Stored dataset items
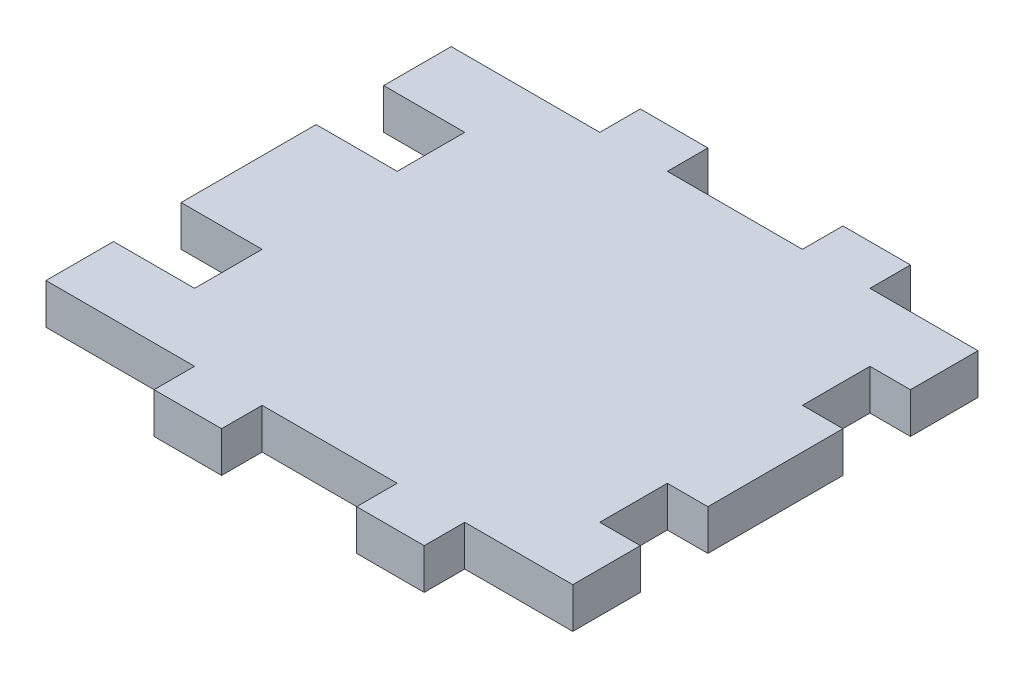
ISO-10303-21;
HEADER;
FILE_DESCRIPTION(('STEP AP214'),'2;1');
FILE_NAME('part.step','',(''),(''),'','','');
FILE_SCHEMA(('AUTOMOTIVE_DESIGN { 1 0 10303 214 1 1 1 1 }'));
ENDSEC;
DATA;
#1=APPLICATION_CONTEXT('core data for automotive mechanical design processes');
#2=APPLICATION_PROTOCOL_DEFINITION('international standard','automotive_design',2000,#1);
#3=PRODUCT_CONTEXT('',#1,'mechanical');
#4=PRODUCT('Part','Part','',(#3));
#5=PRODUCT_RELATED_PRODUCT_CATEGORY('part','',(#4));
#6=PRODUCT_DEFINITION_FORMATION('','',#4);
#7=PRODUCT_DEFINITION_CONTEXT('part definition',#1,'design');
#8=PRODUCT_DEFINITION('design','',#6,#7);
#9=PRODUCT_DEFINITION_SHAPE('','',#8);
#10=(LENGTH_UNIT() NAMED_UNIT(*) SI_UNIT(.MILLI.,.METRE.));
#11=(NAMED_UNIT(*) PLANE_ANGLE_UNIT() SI_UNIT($,.RADIAN.));
#12=(NAMED_UNIT(*) SI_UNIT($,.STERADIAN.) SOLID_ANGLE_UNIT());
#13=UNCERTAINTY_MEASURE_WITH_UNIT(LENGTH_MEASURE(1.E-05),#10,'distance_accuracy_value','');
#14=(GEOMETRIC_REPRESENTATION_CONTEXT(3) GLOBAL_UNCERTAINTY_ASSIGNED_CONTEXT((#13)) GLOBAL_UNIT_ASSIGNED_CONTEXT((#10,
#11,#12)) REPRESENTATION_CONTEXT('',''));
#15=CARTESIAN_POINT('',(0.,0.,0.));
#16=DIRECTION('',(0.,0.,1.));
#17=DIRECTION('',(1.,0.,0.));
#18=AXIS2_PLACEMENT_3D('',#15,#16,#17);
#19=CARTESIAN_POINT('',(30.,6.,0.));
#20=DIRECTION('',(1.,0.,0.));
#21=DIRECTION('',(0.,0.,-1.));
#22=AXIS2_PLACEMENT_3D('',#19,#20,#21);
#23=PLANE('',#22);
#24=DIRECTION('',(0.,0.,1.));
#25=VECTOR('',#24,1.);
#26=CARTESIAN_POINT('',(30.,0.,0.));
#27=LINE('',#26,#25);
#28=CARTESIAN_POINT('',(30.,0.,-20.));
#29=VERTEX_POINT('',#28);
#30=CARTESIAN_POINT('',(30.,0.,-10.));
#31=VERTEX_POINT('',#30);
#32=EDGE_CURVE('E300',#29,#31,#27,.T.);
#33=ORIENTED_EDGE('',*,*,#32,.F.);
#34=DIRECTION('',(0.,-1.,0.));
#35=VECTOR('',#34,1.);
#36=CARTESIAN_POINT('',(30.,6.,-20.));
#37=LINE('',#36,#35);
#38=CARTESIAN_POINT('',(30.,6.,-20.));
#39=VERTEX_POINT('',#38);
#40=EDGE_CURVE('E11',#39,#29,#37,.T.);
#41=ORIENTED_EDGE('',*,*,#40,.F.);
#42=DIRECTION('',(0.,0.,1.));
#43=VECTOR('',#42,1.);
#44=CARTESIAN_POINT('',(30.,6.,0.));
#45=LINE('',#44,#43);
#46=CARTESIAN_POINT('',(30.,6.,-10.));
#47=VERTEX_POINT('',#46);
#48=EDGE_CURVE('E387',#39,#47,#45,.T.);
#49=ORIENTED_EDGE('',*,*,#48,.T.);
#50=DIRECTION('',(0.,-1.,0.));
#51=VECTOR('',#50,1.);
#52=CARTESIAN_POINT('',(30.,6.,-10.));
#53=LINE('',#52,#51);
#54=EDGE_CURVE('E54',#47,#31,#53,.T.);
#55=ORIENTED_EDGE('',*,*,#54,.T.);
#56=EDGE_LOOP('',(#33,#41,#49,#55));
#57=FACE_BOUND('',#56,.T.);
#58=ADVANCED_FACE('F37',(#57),#23,.T.);
#59=CARTESIAN_POINT('',(0.,6.,-20.));
#60=DIRECTION('',(0.,0.,-1.));
#61=DIRECTION('',(-1.,0.,0.));
#62=AXIS2_PLACEMENT_3D('',#59,#60,#61);
#63=PLANE('',#62);
#64=DIRECTION('',(1.,0.,0.));
#65=VECTOR('',#64,1.);
#66=CARTESIAN_POINT('',(0.,0.,-20.));
#67=LINE('',#66,#65);
#68=CARTESIAN_POINT('',(36.,0.,-20.));
#69=VERTEX_POINT('',#68);
#70=EDGE_CURVE('E302',#29,#69,#67,.T.);
#71=ORIENTED_EDGE('',*,*,#70,.T.);
#72=DIRECTION('',(0.,-1.,0.));
#73=VECTOR('',#72,1.);
#74=CARTESIAN_POINT('',(36.,6.,-20.));
#75=LINE('',#74,#73);
#76=CARTESIAN_POINT('',(36.,6.,-20.));
#77=VERTEX_POINT('',#76);
#78=EDGE_CURVE('E46',#77,#69,#75,.T.);
#79=ORIENTED_EDGE('',*,*,#78,.F.);
#80=DIRECTION('',(1.,0.,0.));
#81=VECTOR('',#80,1.);
#82=CARTESIAN_POINT('',(0.,6.,-20.));
#83=LINE('',#82,#81);
#84=EDGE_CURVE('E478',#39,#77,#83,.T.);
#85=ORIENTED_EDGE('',*,*,#84,.F.);
#86=ORIENTED_EDGE('',*,*,#40,.T.);
#87=EDGE_LOOP('',(#71,#79,#85,#86));
#88=FACE_BOUND('',#87,.T.);
#89=ADVANCED_FACE('F39',(#88),#63,.F.);
#90=CARTESIAN_POINT('',(36.,6.,0.));
#91=DIRECTION('',(1.,0.,0.));
#92=DIRECTION('',(0.,0.,-1.));
#93=AXIS2_PLACEMENT_3D('',#90,#91,#92);
#94=PLANE('',#93);
#95=DIRECTION('',(0.,0.,1.));
#96=VECTOR('',#95,1.);
#97=CARTESIAN_POINT('',(36.,0.,0.));
#98=LINE('',#97,#96);
#99=CARTESIAN_POINT('',(36.,0.,-30.));
#100=VERTEX_POINT('',#99);
#101=EDGE_CURVE('E306',#100,#69,#98,.T.);
#102=ORIENTED_EDGE('',*,*,#101,.F.);
#103=DIRECTION('',(0.,-1.,0.));
#104=VECTOR('',#103,1.);
#105=CARTESIAN_POINT('',(36.,6.,-30.));
#106=LINE('',#105,#104);
#107=CARTESIAN_POINT('',(36.,6.,-30.));
#108=VERTEX_POINT('',#107);
#109=EDGE_CURVE('E457',#108,#100,#106,.T.);
#110=ORIENTED_EDGE('',*,*,#109,.F.);
#111=DIRECTION('',(0.,0.,1.));
#112=VECTOR('',#111,1.);
#113=CARTESIAN_POINT('',(36.,6.,0.));
#114=LINE('',#113,#112);
#115=EDGE_CURVE('E464',#108,#77,#114,.T.);
#116=ORIENTED_EDGE('',*,*,#115,.T.);
#117=ORIENTED_EDGE('',*,*,#78,.T.);
#118=EDGE_LOOP('',(#102,#110,#116,#117));
#119=FACE_BOUND('',#118,.T.);
#120=ADVANCED_FACE('F462',(#119),#94,.T.);
#121=CARTESIAN_POINT('',(0.,6.,-30.));
#122=DIRECTION('',(0.,0.,-1.));
#123=DIRECTION('',(-1.,0.,0.));
#124=AXIS2_PLACEMENT_3D('',#121,#122,#123);
#125=PLANE('',#124);
#126=DIRECTION('',(1.,0.,0.));
#127=VECTOR('',#126,1.);
#128=CARTESIAN_POINT('',(0.,0.,-30.));
#129=LINE('',#128,#127);
#130=CARTESIAN_POINT('',(20.0000000000002,0.,-30.));
#131=VERTEX_POINT('',#130);
#132=EDGE_CURVE('E309',#131,#100,#129,.T.);
#133=ORIENTED_EDGE('',*,*,#132,.F.);
#134=DIRECTION('',(0.,-1.,0.));
#135=VECTOR('',#134,1.);
#136=CARTESIAN_POINT('',(20.0000000000002,6.,-30.));
#137=LINE('',#136,#135);
#138=CARTESIAN_POINT('',(20.0000000000002,6.,-30.));
#139=VERTEX_POINT('',#138);
#140=EDGE_CURVE('E455',#139,#131,#137,.T.);
#141=ORIENTED_EDGE('',*,*,#140,.F.);
#142=DIRECTION('',(1.,0.,0.));
#143=VECTOR('',#142,1.);
#144=CARTESIAN_POINT('',(0.,6.,-30.));
#145=LINE('',#144,#143);
#146=EDGE_CURVE('E477',#139,#108,#145,.T.);
#147=ORIENTED_EDGE('',*,*,#146,.T.);
#148=ORIENTED_EDGE('',*,*,#109,.T.);
#149=EDGE_LOOP('',(#133,#141,#147,#148));
#150=FACE_BOUND('',#149,.T.);
#151=ADVANCED_FACE('F473',(#150),#125,.T.);
#152=CARTESIAN_POINT('',(19.9999999999992,6.,6.93889390390704E-13));
#153=DIRECTION('',(-1.,0.,0.));
#154=DIRECTION('',(0.,0.,1.));
#155=AXIS2_PLACEMENT_3D('',#152,#153,#154);
#156=PLANE('',#155);
#157=DIRECTION('',(0.,0.,-1.));
#158=VECTOR('',#157,1.);
#159=CARTESIAN_POINT('',(19.9999999999992,0.,6.93889390390704E-13));
#160=LINE('',#159,#158);
#161=CARTESIAN_POINT('',(20.0000000000004,0.,-35.9999999999998));
#162=VERTEX_POINT('',#161);
#163=EDGE_CURVE('E312',#131,#162,#160,.T.);
#164=ORIENTED_EDGE('',*,*,#163,.T.);
#165=DIRECTION('',(0.,-1.,0.));
#166=VECTOR('',#165,1.);
#167=CARTESIAN_POINT('',(20.0000000000004,6.,-35.9999999999998));
#168=LINE('',#167,#166);
#169=CARTESIAN_POINT('',(20.0000000000004,6.,-35.9999999999998));
#170=VERTEX_POINT('',#169);
#171=EDGE_CURVE('E452',#170,#162,#168,.T.);
#172=ORIENTED_EDGE('',*,*,#171,.F.);
#173=DIRECTION('',(0.,0.,-1.));
#174=VECTOR('',#173,1.);
#175=CARTESIAN_POINT('',(19.9999999999992,6.,6.93889390390704E-13));
#176=LINE('',#175,#174);
#177=EDGE_CURVE('E480',#139,#170,#176,.T.);
#178=ORIENTED_EDGE('',*,*,#177,.F.);
#179=ORIENTED_EDGE('',*,*,#140,.T.);
#180=EDGE_LOOP('',(#164,#172,#178,#179));
#181=FACE_BOUND('',#180,.T.);
#182=ADVANCED_FACE('F683',(#181),#156,.F.);
#183=CARTESIAN_POINT('',(0.,6.,-35.9999999999998));
#184=DIRECTION('',(0.,0.,1.));
#185=DIRECTION('',(1.,0.,0.));
#186=AXIS2_PLACEMENT_3D('',#183,#184,#185);
#187=PLANE('',#186);
#188=DIRECTION('',(-1.,0.,0.));
#189=VECTOR('',#188,1.);
#190=CARTESIAN_POINT('',(0.,0.,-35.9999999999998));
#191=LINE('',#190,#189);
#192=CARTESIAN_POINT('',(10.0000000000004,0.,-35.9999999999998));
#193=VERTEX_POINT('',#192);
#194=EDGE_CURVE('E316',#162,#193,#191,.T.);
#195=ORIENTED_EDGE('',*,*,#194,.T.);
#196=DIRECTION('',(0.,-1.,0.));
#197=VECTOR('',#196,1.);
#198=CARTESIAN_POINT('',(10.0000000000004,6.,-35.9999999999998));
#199=LINE('',#198,#197);
#200=CARTESIAN_POINT('',(10.0000000000004,6.,-35.9999999999998));
#201=VERTEX_POINT('',#200);
#202=EDGE_CURVE('E450',#201,#193,#199,.T.);
#203=ORIENTED_EDGE('',*,*,#202,.F.);
#204=DIRECTION('',(-1.,0.,0.));
#205=VECTOR('',#204,1.);
#206=CARTESIAN_POINT('',(0.,6.,-35.9999999999998));
#207=LINE('',#206,#205);
#208=EDGE_CURVE('E488',#170,#201,#207,.T.);
#209=ORIENTED_EDGE('',*,*,#208,.F.);
#210=ORIENTED_EDGE('',*,*,#171,.T.);
#211=EDGE_LOOP('',(#195,#203,#209,#210));
#212=FACE_BOUND('',#211,.T.);
#213=ADVANCED_FACE('F679',(#212),#187,.F.);
#214=CARTESIAN_POINT('',(9.99999999999917,6.,3.44053489402047E-13));
#215=DIRECTION('',(-1.,0.,0.));
#216=DIRECTION('',(0.,0.,1.));
#217=AXIS2_PLACEMENT_3D('',#214,#215,#216);
#218=PLANE('',#217);
#219=DIRECTION('',(0.,0.,-1.));
#220=VECTOR('',#219,1.);
#221=CARTESIAN_POINT('',(9.99999999999917,0.,3.44053489402047E-13));
#222=LINE('',#221,#220);
#223=CARTESIAN_POINT('',(10.0000000000002,0.,-30.));
#224=VERTEX_POINT('',#223);
#225=EDGE_CURVE('E319',#224,#193,#222,.T.);
#226=ORIENTED_EDGE('',*,*,#225,.F.);
#227=DIRECTION('',(0.,-1.,0.));
#228=VECTOR('',#227,1.);
#229=CARTESIAN_POINT('',(10.0000000000002,6.,-30.));
#230=LINE('',#229,#228);
#231=CARTESIAN_POINT('',(10.0000000000002,6.,-30.));
#232=VERTEX_POINT('',#231);
#233=EDGE_CURVE('E448',#232,#224,#230,.T.);
#234=ORIENTED_EDGE('',*,*,#233,.F.);
#235=DIRECTION('',(0.,0.,-1.));
#236=VECTOR('',#235,1.);
#237=CARTESIAN_POINT('',(9.99999999999917,6.,3.44053489402047E-13));
#238=LINE('',#237,#236);
#239=EDGE_CURVE('E490',#232,#201,#238,.T.);
#240=ORIENTED_EDGE('',*,*,#239,.T.);
#241=ORIENTED_EDGE('',*,*,#202,.T.);
#242=EDGE_LOOP('',(#226,#234,#240,#241));
#243=FACE_BOUND('',#242,.T.);
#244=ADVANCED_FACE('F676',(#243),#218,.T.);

◆ Exercise instructions: Look back at the entries above. Retype the line with "#68=CARTESIAN_POINT('',(36.,0.,-20.));", the line with "#112=VECTOR('',#111,1.);", and all lines in between.

◆ Output of the exercise:
#68=CARTESIAN_POINT('',(36.,0.,-20.));
#69=VERTEX_POINT('',#68);
#70=EDGE_CURVE('E302',#29,#69,#67,.T.);
#71=ORIENTED_EDGE('',*,*,#70,.T.);
#72=DIRECTION('',(0.,-1.,0.));
#73=VECTOR('',#72,1.);
#74=CARTESIAN_POINT('',(36.,6.,-20.));
#75=LINE('',#74,#73);
#76=CARTESIAN_POINT('',(36.,6.,-20.));
#77=VERTEX_POINT('',#76);
#78=EDGE_CURVE('E46',#77,#69,#75,.T.);
#79=ORIENTED_EDGE('',*,*,#78,.F.);
#80=DIRECTION('',(1.,0.,0.));
#81=VECTOR('',#80,1.);
#82=CARTESIAN_POINT('',(0.,6.,-20.));
#83=LINE('',#82,#81);
#84=EDGE_CURVE('E478',#39,#77,#83,.T.);
#85=ORIENTED_EDGE('',*,*,#84,.F.);
#86=ORIENTED_EDGE('',*,*,#40,.T.);
#87=EDGE_LOOP('',(#71,#79,#85,#86));
#88=FACE_BOUND('',#87,.T.);
#89=ADVANCED_FACE('F39',(#88),#63,.F.);
#90=CARTESIAN_POINT('',(36.,6.,0.));
#91=DIRECTION('',(1.,0.,0.));
#92=DIRECTION('',(0.,0.,-1.));
#93=AXIS2_PLACEMENT_3D('',#90,#91,#92);
#94=PLANE('',#93);
#95=DIRECTION('',(0.,0.,1.));
#96=VECTOR('',#95,1.);
#97=CARTESIAN_POINT('',(36.,0.,0.));
#98=LINE('',#97,#96);
#99=CARTESIAN_POINT('',(36.,0.,-30.));
#100=VERTEX_POINT('',#99);
#101=EDGE_CURVE('E306',#100,#69,#98,.T.);
#102=ORIENTED_EDGE('',*,*,#101,.F.);
#103=DIRECTION('',(0.,-1.,0.));
#104=VECTOR('',#103,1.);
#105=CARTESIAN_POINT('',(36.,6.,-30.));
#106=LINE('',#105,#104);
#107=CARTESIAN_POINT('',(36.,6.,-30.));
#108=VERTEX_POINT('',#107);
#109=EDGE_CURVE('E457',#108,#100,#106,.T.);
#110=ORIENTED_EDGE('',*,*,#109,.F.);
#111=DIRECTION('',(0.,0.,1.));
#112=VECTOR('',#111,1.);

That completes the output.